The report says that global surface temperatures will increase by the end of this century - on almost all scenarios for the future rate of greenhouse gas emissions, the average temperature will rise by more than 1.5 degrees Centigrade relative to the period 1850 - 1900. And, if emissions continue at a high rate, that is likely to exceed 2 degrees. However, the expected range of temperature increase this century is lower than in the previous report. The IPCC now suggests it will be between 0.3 and 4.8 degrees. That compares with a range of 1.1 to 6.4 degrees in the Fourth Assessment. This shift follows an observed and unpredicted hiatus in atmospheric warming since the late 1990s. One explanation for the pause could be that more of this energy is being absorbed by the oceans.

And on sea-level rise, the IPCC is now more pessimistic than before. The report says they will go up by between 26 cm and 82 cm by the turn of the century, a higher range than previously thought.

Well, with us now is the Conservative peer Matt Ridley, and the Climate Change Minister Greg Barker also joins us - welcome to the programme. Matt Ridley first of all - scientists are more certain than ever about climate change. We have to act, to limit the effects.

Matt Ridley: Well, what this report is effectively saying is that both extremes were wrong - people who say it's definitely not happening are clearly wrong, but people who say that we're in for catastrophe are also completely wrong. Because what this has effectively done is lower the range of likely projections to about 1 to 2.5 degrees over this century, most of which will be beneficial. In other words, it's going to be 70 years before we see any harm from climate change, and meanwhile we're seeing quite a lot of harm from climate policies -

Jo Coburn: But -

Matt Ridley: - so, you know, the models have clearly got things wrong, over the last 20 or 30 years. They didn't predict this pause, they didn't predict the climate change would be as slow as it has. And they're got to be revisited.

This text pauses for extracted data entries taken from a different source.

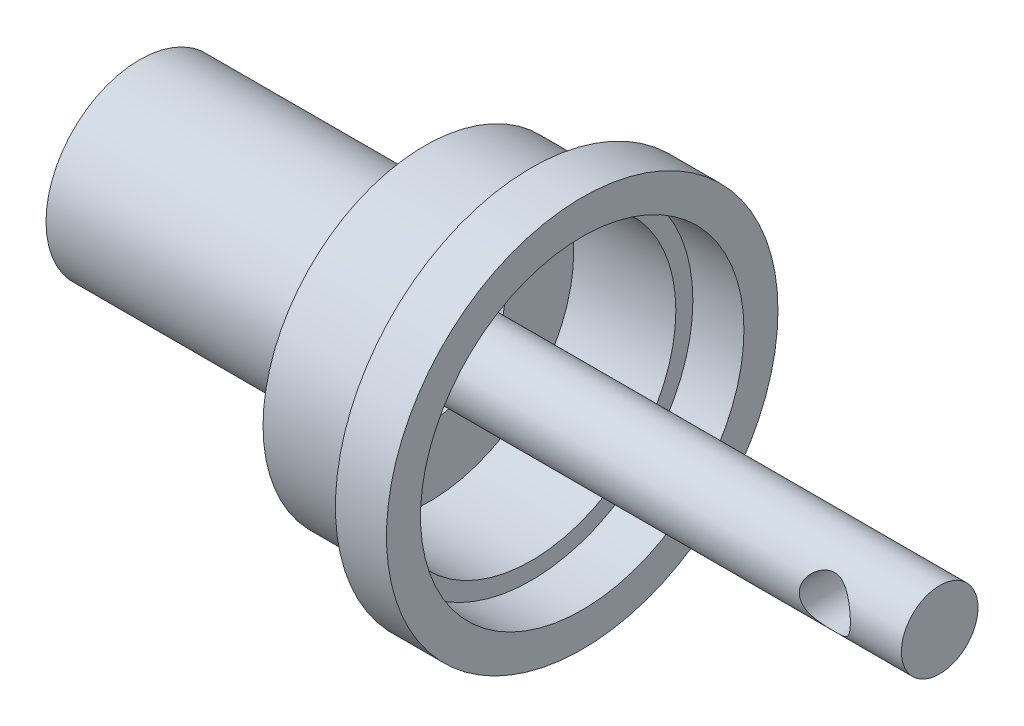
ISO-10303-21;
HEADER;
FILE_DESCRIPTION(('STEP AP214'),'2;1');
FILE_NAME('part.step','',(''),(''),'','','');
FILE_SCHEMA(('AUTOMOTIVE_DESIGN { 1 0 10303 214 1 1 1 1 }'));
ENDSEC;
DATA;
#1=APPLICATION_CONTEXT('core data for automotive mechanical design processes');
#2=APPLICATION_PROTOCOL_DEFINITION('international standard','automotive_design',2000,#1);
#3=PRODUCT_CONTEXT('',#1,'mechanical');
#4=PRODUCT('Part','Part','',(#3));
#5=PRODUCT_RELATED_PRODUCT_CATEGORY('part','',(#4));
#6=PRODUCT_DEFINITION_FORMATION('','',#4);
#7=PRODUCT_DEFINITION_CONTEXT('part definition',#1,'design');
#8=PRODUCT_DEFINITION('design','',#6,#7);
#9=PRODUCT_DEFINITION_SHAPE('','',#8);
#10=(LENGTH_UNIT() NAMED_UNIT(*) SI_UNIT(.MILLI.,.METRE.));
#11=(NAMED_UNIT(*) PLANE_ANGLE_UNIT() SI_UNIT($,.RADIAN.));
#12=(NAMED_UNIT(*) SI_UNIT($,.STERADIAN.) SOLID_ANGLE_UNIT());
#13=UNCERTAINTY_MEASURE_WITH_UNIT(LENGTH_MEASURE(1.E-05),#10,'distance_accuracy_value','');
#14=(GEOMETRIC_REPRESENTATION_CONTEXT(3) GLOBAL_UNCERTAINTY_ASSIGNED_CONTEXT((#13)) GLOBAL_UNIT_ASSIGNED_CONTEXT((#10,
#11,#12)) REPRESENTATION_CONTEXT('',''));
#15=CARTESIAN_POINT('',(0.,0.,0.));
#16=DIRECTION('',(0.,0.,1.));
#17=DIRECTION('',(1.,0.,0.));
#18=AXIS2_PLACEMENT_3D('',#15,#16,#17);
#19=CARTESIAN_POINT('',(26.,0.,0.));
#20=DIRECTION('',(1.,0.,0.));
#21=DIRECTION('',(0.,0.,-1.));
#22=AXIS2_PLACEMENT_3D('',#19,#20,#21);
#23=PLANE('',#22);
#24=CARTESIAN_POINT('',(26.,0.,0.));
#25=DIRECTION('',(1.,0.,0.));
#26=DIRECTION('',(0.,0.,-1.));
#27=AXIS2_PLACEMENT_3D('',#24,#25,#26);
#28=CIRCLE('',#27,11.5);
#29=CARTESIAN_POINT('',(26.,0.,-11.5));
#30=VERTEX_POINT('',#29);
#31=EDGE_CURVE('E12',#30,#30,#28,.T.);
#32=ORIENTED_EDGE('',*,*,#31,.T.);
#33=EDGE_LOOP('',(#32));
#34=FACE_BOUND('',#33,.T.);
#35=CARTESIAN_POINT('',(26.,0.,0.));
#36=DIRECTION('',(1.,0.,0.));
#37=DIRECTION('',(0.,0.,-1.));
#38=AXIS2_PLACEMENT_3D('',#35,#36,#37);
#39=CIRCLE('',#38,9.5);
#40=CARTESIAN_POINT('',(26.,0.,-9.5));
#41=VERTEX_POINT('',#40);
#42=EDGE_CURVE('E56',#41,#41,#39,.T.);
#43=ORIENTED_EDGE('',*,*,#42,.F.);
#44=EDGE_LOOP('',(#43));
#45=FACE_BOUND('',#44,.T.);
#46=ADVANCED_FACE('F45',(#34,#45),#23,.T.);
#47=CARTESIAN_POINT('',(23.,0.,0.));
#48=DIRECTION('',(1.,0.,0.));
#49=DIRECTION('',(0.,0.,-1.));
#50=AXIS2_PLACEMENT_3D('',#47,#48,#49);
#51=PLANE('',#50);
#52=CARTESIAN_POINT('',(23.,0.,0.));
#53=DIRECTION('',(1.,0.,0.));
#54=DIRECTION('',(0.,0.,-1.));
#55=AXIS2_PLACEMENT_3D('',#52,#53,#54);
#56=CIRCLE('',#55,11.5);
#57=CARTESIAN_POINT('',(23.,0.,-11.5));
#58=VERTEX_POINT('',#57);
#59=EDGE_CURVE('E49',#58,#58,#56,.T.);
#60=ORIENTED_EDGE('',*,*,#59,.F.);
#61=EDGE_LOOP('',(#60));
#62=FACE_BOUND('',#61,.T.);
#63=CARTESIAN_POINT('',(23.,0.,0.));
#64=DIRECTION('',(1.,0.,0.));
#65=DIRECTION('',(0.,0.,-1.));
#66=AXIS2_PLACEMENT_3D('',#63,#64,#65);
#67=CIRCLE('',#66,9.5);
#68=CARTESIAN_POINT('',(23.,0.,-9.5));
#69=VERTEX_POINT('',#68);
#70=EDGE_CURVE('E58',#69,#69,#67,.T.);
#71=ORIENTED_EDGE('',*,*,#70,.T.);
#72=EDGE_LOOP('',(#71));
#73=FACE_BOUND('',#72,.T.);
#74=ADVANCED_FACE('F68',(#62,#73),#51,.F.);
#75=CARTESIAN_POINT('',(26.,0.,0.));
#76=DIRECTION('',(-1.,0.,0.));
#77=DIRECTION('',(0.,0.,1.));
#78=AXIS2_PLACEMENT_3D('',#75,#76,#77);
#79=CYLINDRICAL_SURFACE('',#78,11.5);
#80=ORIENTED_EDGE('',*,*,#31,.F.);
#81=EDGE_LOOP('',(#80));
#82=FACE_BOUND('',#81,.T.);
#83=ORIENTED_EDGE('',*,*,#59,.T.);
#84=EDGE_LOOP('',(#83));
#85=FACE_BOUND('',#84,.T.);
#86=ADVANCED_FACE('F47',(#82,#85),#79,.T.);
#87=CARTESIAN_POINT('',(26.,0.,0.));
#88=DIRECTION('',(-1.,0.,0.));
#89=DIRECTION('',(0.,0.,1.));
#90=AXIS2_PLACEMENT_3D('',#87,#88,#89);
#91=CYLINDRICAL_SURFACE('',#90,9.5);
#92=ORIENTED_EDGE('',*,*,#42,.T.);
#93=EDGE_LOOP('',(#92));
#94=FACE_BOUND('',#93,.T.);
#95=ORIENTED_EDGE('',*,*,#70,.F.);
#96=EDGE_LOOP('',(#95));
#97=FACE_BOUND('',#96,.T.);
#98=ADVANCED_FACE('F64',(#94,#97),#91,.F.);
#99=CLOSED_SHELL('',(#46,#74,#86,#98));
#100=MANIFOLD_SOLID_BREP('B2',#99);
#101=CARTESIAN_POINT('',(17.,0.,0.));
#102=DIRECTION('',(-1.,0.,0.));
#103=DIRECTION('',(0.,0.,1.));
#104=AXIS2_PLACEMENT_3D('',#101,#102,#103);
#105=CYLINDRICAL_SURFACE('',#104,4.5);
#106=CARTESIAN_POINT('',(17.,0.,0.));
#107=DIRECTION('',(1.,0.,0.));
#108=DIRECTION('',(0.,0.,-1.));
#109=AXIS2_PLACEMENT_3D('',#106,#107,#108);
#110=CIRCLE('',#109,4.5);
#111=CARTESIAN_POINT('',(17.,0.,-4.5));
#112=VERTEX_POINT('',#111);
#113=EDGE_CURVE('E133',#112,#112,#110,.T.);
#114=ORIENTED_EDGE('',*,*,#113,.T.);
#115=EDGE_LOOP('',(#114));
#116=FACE_BOUND('',#115,.T.);
#117=CARTESIAN_POINT('',(5.,0.,0.));
#118=DIRECTION('',(1.,0.,0.));
#119=DIRECTION('',(0.,0.,-1.));
#120=AXIS2_PLACEMENT_3D('',#117,#118,#119);
#121=CIRCLE('',#120,4.5);
#122=CARTESIAN_POINT('',(5.,0.,-4.5));
#123=VERTEX_POINT('',#122);
#124=EDGE_CURVE('E120',#123,#123,#121,.F.);
#125=ORIENTED_EDGE('',*,*,#124,.T.);
#126=EDGE_LOOP('',(#125));
#127=FACE_BOUND('',#126,.T.);
#128=ADVANCED_FACE('F107',(#116,#127),#105,.F.);
#129=CARTESIAN_POINT('',(5.,0.,0.));
#130=DIRECTION('',(1.,0.,0.));
#131=DIRECTION('',(0.,0.,-1.));
#132=AXIS2_PLACEMENT_3D('',#129,#130,#131);
#133=PLANE('',#132);
#134=CARTESIAN_POINT('',(5.,0.,0.));
#135=DIRECTION('',(1.,0.,0.));
#136=DIRECTION('',(0.,0.,-1.));
#137=AXIS2_PLACEMENT_3D('',#134,#135,#136);
#138=CIRCLE('',#137,2.25);
#139=CARTESIAN_POINT('',(5.,0.,-2.25));
#140=VERTEX_POINT('',#139);
#141=EDGE_CURVE('E192',#140,#140,#138,.T.);
#142=ORIENTED_EDGE('',*,*,#141,.F.);
#143=EDGE_LOOP('',(#142));
#144=FACE_BOUND('',#143,.T.);
#145=ORIENTED_EDGE('',*,*,#124,.F.);
#146=EDGE_LOOP('',(#145));
#147=FACE_BOUND('',#146,.T.);
#148=ADVANCED_FACE('F167',(#144,#147),#133,.T.);
#149=CARTESIAN_POINT('',(47.,0.,0.));
#150=DIRECTION('',(-1.,0.,0.));
#151=DIRECTION('',(0.,0.,1.));
#152=AXIS2_PLACEMENT_3D('',#149,#150,#151);
#153=CYLINDRICAL_SURFACE('',#152,2.25);
#154=ORIENTED_EDGE('',*,*,#141,.T.);
#155=EDGE_LOOP('',(#154));
#156=FACE_BOUND('',#155,.T.);
#157=CARTESIAN_POINT('',(44.,0.,2.25));
#158=CARTESIAN_POINT('',(44.0000004122244,-0.0753635375010582,2.2500003123363));
#159=CARTESIAN_POINT('',(43.9942895225334,-0.150726815349676,2.24618102065041));
#160=CARTESIAN_POINT('',(43.9718023519208,-0.299049793523761,2.23128489317856));
#161=CARTESIAN_POINT('',(43.9550208176575,-0.372008335466256,2.22020461185926));
#162=CARTESIAN_POINT('',(43.9114192120064,-0.513159230890688,2.19187861803531));
#163=CARTESIAN_POINT('',(43.8846461449941,-0.581372154493168,2.17466179119986));
#164=CARTESIAN_POINT('',(43.8222024775464,-0.712061468247949,2.1354460340808));
#165=CARTESIAN_POINT('',(43.7865305852746,-0.774537023707255,2.11344640954132));
#166=CARTESIAN_POINT('',(43.7040072969744,-0.897963525577585,2.06420497027379));
#167=CARTESIAN_POINT('',(43.6564641044428,-0.95833522909551,2.03667673184489));
#168=CARTESIAN_POINT('',(43.5532024635062,-1.07079603351956,1.97986734812599));
#169=CARTESIAN_POINT('',(43.4974723026217,-1.12287304157916,1.95058372767623));
#170=CARTESIAN_POINT('',(43.3692107242905,-1.22566723309122,1.88796198509096));
#171=CARTESIAN_POINT('',(43.2954157600974,-1.27487389772064,1.85471300953349));
#172=CARTESIAN_POINT('',(43.1387274667651,-1.36012767760631,1.79313110514612));
#173=CARTESIAN_POINT('',(43.0558501988279,-1.39619755069875,1.7647897196599));
#174=CARTESIAN_POINT('',(42.9074665299338,-1.44505526258581,1.72482199981103));
#175=CARTESIAN_POINT('',(42.8438536603446,-1.46155835427013,1.71073220919326));
#176=CARTESIAN_POINT('',(42.7139416214437,-1.48612963338915,1.68943477244678));
#177=CARTESIAN_POINT('',(42.6476472884552,-1.4942123598895,1.68221526558019));
#178=CARTESIAN_POINT('',(42.5138939158579,-1.50143523105944,1.67577454206125));
#179=CARTESIAN_POINT('',(42.4464312324116,-1.50053882188231,1.67658601919217));
#180=CARTESIAN_POINT('',(42.3127737698743,-1.48978185999929,1.68614831612228));
#181=CARTESIAN_POINT('',(42.2465801134755,-1.47991371284968,1.69490586213888));
#182=CARTESIAN_POINT('',(42.1201497115718,-1.45248745663307,1.71845389493686));
#183=CARTESIAN_POINT('',(42.0597789980577,-1.4352878361075,1.7329611624773));
#184=CARTESIAN_POINT('',(41.9427322317564,-1.39402588936425,1.76632217195768));
#185=CARTESIAN_POINT('',(41.886057402277,-1.36996130492153,1.78517734374582));
#186=CARTESIAN_POINT('',(41.7657309535383,-1.31005364054748,1.82973147303318));
#187=CARTESIAN_POINT('',(41.7030050748589,-1.27281039246576,1.85604238386761));
#188=CARTESIAN_POINT('',(41.5839624537621,-1.19001720350479,1.91018653383725));
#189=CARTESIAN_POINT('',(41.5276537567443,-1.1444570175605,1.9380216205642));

Jo Coburn: Right, but you do accept that climate change is happening, and they are pretty certain humans are to blame.

Matt Ridley: Well, what they say is that more than half of the climate change since 1950 is man-made, and I think just about everybody I know among the sceptical side of the argument as well as on the alarmist side of the argument accepts that - I certainly accept that, have all along.

Jo Coburn: But, when you say that climate change policies are doing more harm, are you saying it's better to live with the consequences of climate change than to take policies now that will actually do something to mitigate them?